1. 請求原因1(一)記載の事実は知らない。同(二)記載の事実は否認する。同(三)記載の事実については、佐藤に関する部分は知らず、被告秀雄に関する部分は否認する。同(四)記載の事実は不知。同(五)記載の事実のうち被告秀雄に関する部分は否認し、その余は知らない。

2. 同2(一)記載の事実は認める。同(二)記載の事実のうち、本件贈与の結果、原告が被告秀雄に対する本件債権の満足を完全には受け得なくなつたことは認めるが、被告秀雄がこのことを知つていたとの点は否認する。

被告秀雄に詐害の意思はなかつた。被告秀雄は、昭和五五年五月一日、農業者年金の受給資格を得るため、所有農地全部を後継者である被告常寿に贈与しようとしたが、当時、本件農地を含む区域で土地改良事業が施行中であつたため、仙南村役場の担当係員から、事業終結まで贈与は見合わせるようにとの指導を受けた。そこで被告秀雄は、とりあえず被告常寿と使用貸借契約を締結し、土地改良事業の完了に伴い、当初の予定どおり被告常寿に本件農地を贈与したものである。なお、土地改良事業施行に伴う換地処分の登記は昭和五八年五月一八日にされているけれども、本件贈与の農業委員会に対する許可申請日は昭和六〇年一一月一八日である。この点については、被告秀雄と仙南村土地改良区との間に、昭和五七年以来減歩率等をめぐる紛争が係属し、それが最終的に結着したのが昭和六〇年八月頃であつた。そのため贈与手続が遷延したものにすぎない。

三、抗弁

本件農地の贈与を受けた当時、被告常寿は、これにより被告秀雄の債権者が損害を被ることを知らなかつた。

被告常寿と被告秀雄との間では、既に昭和五五年当時から本件農地の贈与が予定されており、土地改良事業との関係でこれが遷延したものであつて、この間の事情は前述したとおりである。

四、抗弁に対する認否

否認する。

被告常寿において、被告秀雄が原告に対し、佐藤に関する連帯保証債務を負つていることを知つていたことは、原告の担当職員が三回も被告秀雄方を訪問して事後処理を協議しているところ、被告常寿は被告秀雄と同居していること、被告常寿も佐藤を知つていること、からして明らかである。

第三、証拠〈略〉

理由

一1. 被告秀雄作成部分については当事者間に争いがなく、その余の部分については証人高橋隆次の証言により真正に成立したと認める昭和六一年(ワ)第一三六号事件甲第一号証(以下、書証はすべて昭和六一年(ワ)第一三六号事件のものである。)によれば、請求原因1(一)(二)記載の事実を認めることができる。

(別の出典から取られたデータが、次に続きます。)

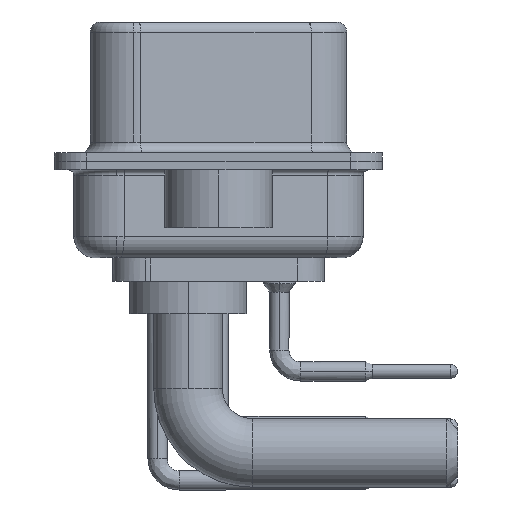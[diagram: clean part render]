
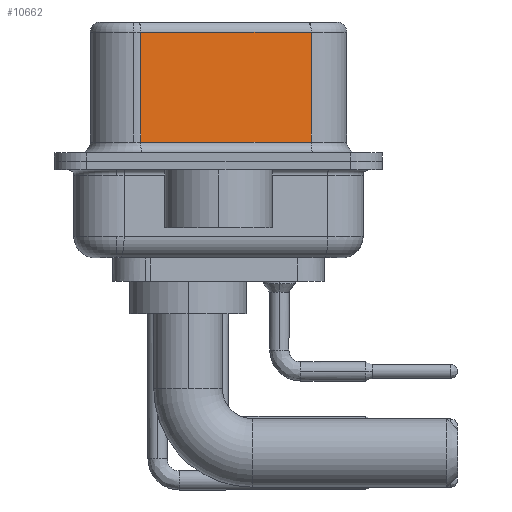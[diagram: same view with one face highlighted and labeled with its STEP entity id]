
A CAD part, left-side view. The second image highlights one B-rep face of the part: STEP entity #10662.
In plain terms, the highlighted planar face has unit normal (-0.985, -0.174, 0).
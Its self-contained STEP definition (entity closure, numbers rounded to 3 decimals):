
#748 = DIRECTION ( 'NONE',  ( 0.174, -0.985, 0. ) ) ;
#1574 = CARTESIAN_POINT ( 'NONE',  ( 5.132, -4.322, 6.02 ) ) ;
#1674 = VERTEX_POINT ( 'NONE', #10972 ) ;
#2292 = ORIENTED_EDGE ( 'NONE', *, *, #9561, .F. ) ;
#3370 = CARTESIAN_POINT ( 'NONE',  ( 3.73, 3.628, 6.52 ) ) ;
#3840 = LINE ( 'NONE', #11472, #24227 ) ;
#6671 = VERTEX_POINT ( 'NONE', #18391 ) ;
#9459 = CARTESIAN_POINT ( 'NONE',  ( 5.132, -4.322, 6.52 ) ) ;
#9519 = EDGE_CURVE ( 'NONE', #6671, #1674, #13940, .T. ) ;
#9561 = EDGE_CURVE ( 'NONE', #19275, #28945, #24007, .T. ) ;
#10653 = VECTOR ( 'NONE', #26623, 1000. ) ;
#10662 = ADVANCED_FACE ( 'NONE', ( #27850 ), #20203, .F. ) ;
#10966 = LINE ( 'NONE', #24654, #20918 ) ;
#10972 = CARTESIAN_POINT ( 'NONE',  ( 3.73, 3.628, 0.9 ) ) ;
#11472 = CARTESIAN_POINT ( 'NONE',  ( 5.132, -4.322, 0.9 ) ) ;
#12410 = DIRECTION ( 'NONE',  ( -0.174, 0.985, 0. ) ) ;
#13940 = LINE ( 'NONE', #3370, #10653 ) ;
#16315 = AXIS2_PLACEMENT_3D ( 'NONE', #9459, #17412, #12410 ) ;
#17412 = DIRECTION ( 'NONE',  ( 0.985, 0.174, 0. ) ) ;
#18391 = CARTESIAN_POINT ( 'NONE',  ( 3.73, 3.628, 6.02 ) ) ;
#19169 = EDGE_LOOP ( 'NONE', ( #2292, #20448, #25661, #29662 ) ) ;
#19275 = VERTEX_POINT ( 'NONE', #1574 ) ;
#19311 = CARTESIAN_POINT ( 'NONE',  ( 5.132, -4.322, 6.52 ) ) ;
#20203 = PLANE ( 'NONE',  #16315 ) ;
#20448 = ORIENTED_EDGE ( 'NONE', *, *, #33731, .T. ) ;
#20659 = VECTOR ( 'NONE', #21752, 1000. ) ;
#20918 = VECTOR ( 'NONE', #26922, 1000. ) ;
#20978 = CARTESIAN_POINT ( 'NONE',  ( 5.132, -4.322, 0.9 ) ) ;
#21752 = DIRECTION ( 'NONE',  ( 0., 0., -1. ) ) ;
#24007 = LINE ( 'NONE', #19311, #20659 ) ;
#24227 = VECTOR ( 'NONE', #748, 1000. ) ;
#24654 = CARTESIAN_POINT ( 'NONE',  ( 5.132, -4.322, 6.02 ) ) ;
#25661 = ORIENTED_EDGE ( 'NONE', *, *, #9519, .T. ) ;
#26623 = DIRECTION ( 'NONE',  ( 0., 0., -1. ) ) ;
#26922 = DIRECTION ( 'NONE',  ( -0.174, 0.985, 0. ) ) ;
#27850 = FACE_OUTER_BOUND ( 'NONE', #19169, .T. ) ;
#28945 = VERTEX_POINT ( 'NONE', #20978 ) ;
#29662 = ORIENTED_EDGE ( 'NONE', *, *, #33796, .T. ) ;
#33731 = EDGE_CURVE ( 'NONE', #19275, #6671, #10966, .T. ) ;
#33796 = EDGE_CURVE ( 'NONE', #1674, #28945, #3840, .T. ) ;

2. いずれも被告秀雄作成部分については当事者間に争いがなく、その余の部分については証人高橋隆次の証言により真正に成立したと認める甲第五、第六号証及び被告秀雄作成部分の成立については当事者間に争いがなく、その余の部分については弁論の全趣旨により真正に成立したと認める甲第三号証によれば請求原因1(三)記載の事実を認めることができる。

3. いずれも成立に争いのない甲第二一、第二四号証(甲第二四号証については原本の存在も当事者間に争いがない。)、証人高橋隆次、同三森義助の各証言及び弁論の全趣旨によれば、請求原因1(四)(五)記載の事実を認めることができる。

二、詐害行為について

1. 請求原因2(一)記載の事実は当事者間に争いがない。

2. 本件贈与の詐害行為性について

(一)  本件贈与の結果、原告が被告秀雄に対する本件債権の満足を完全には受け得なくなつたことは当事者間に争いがない。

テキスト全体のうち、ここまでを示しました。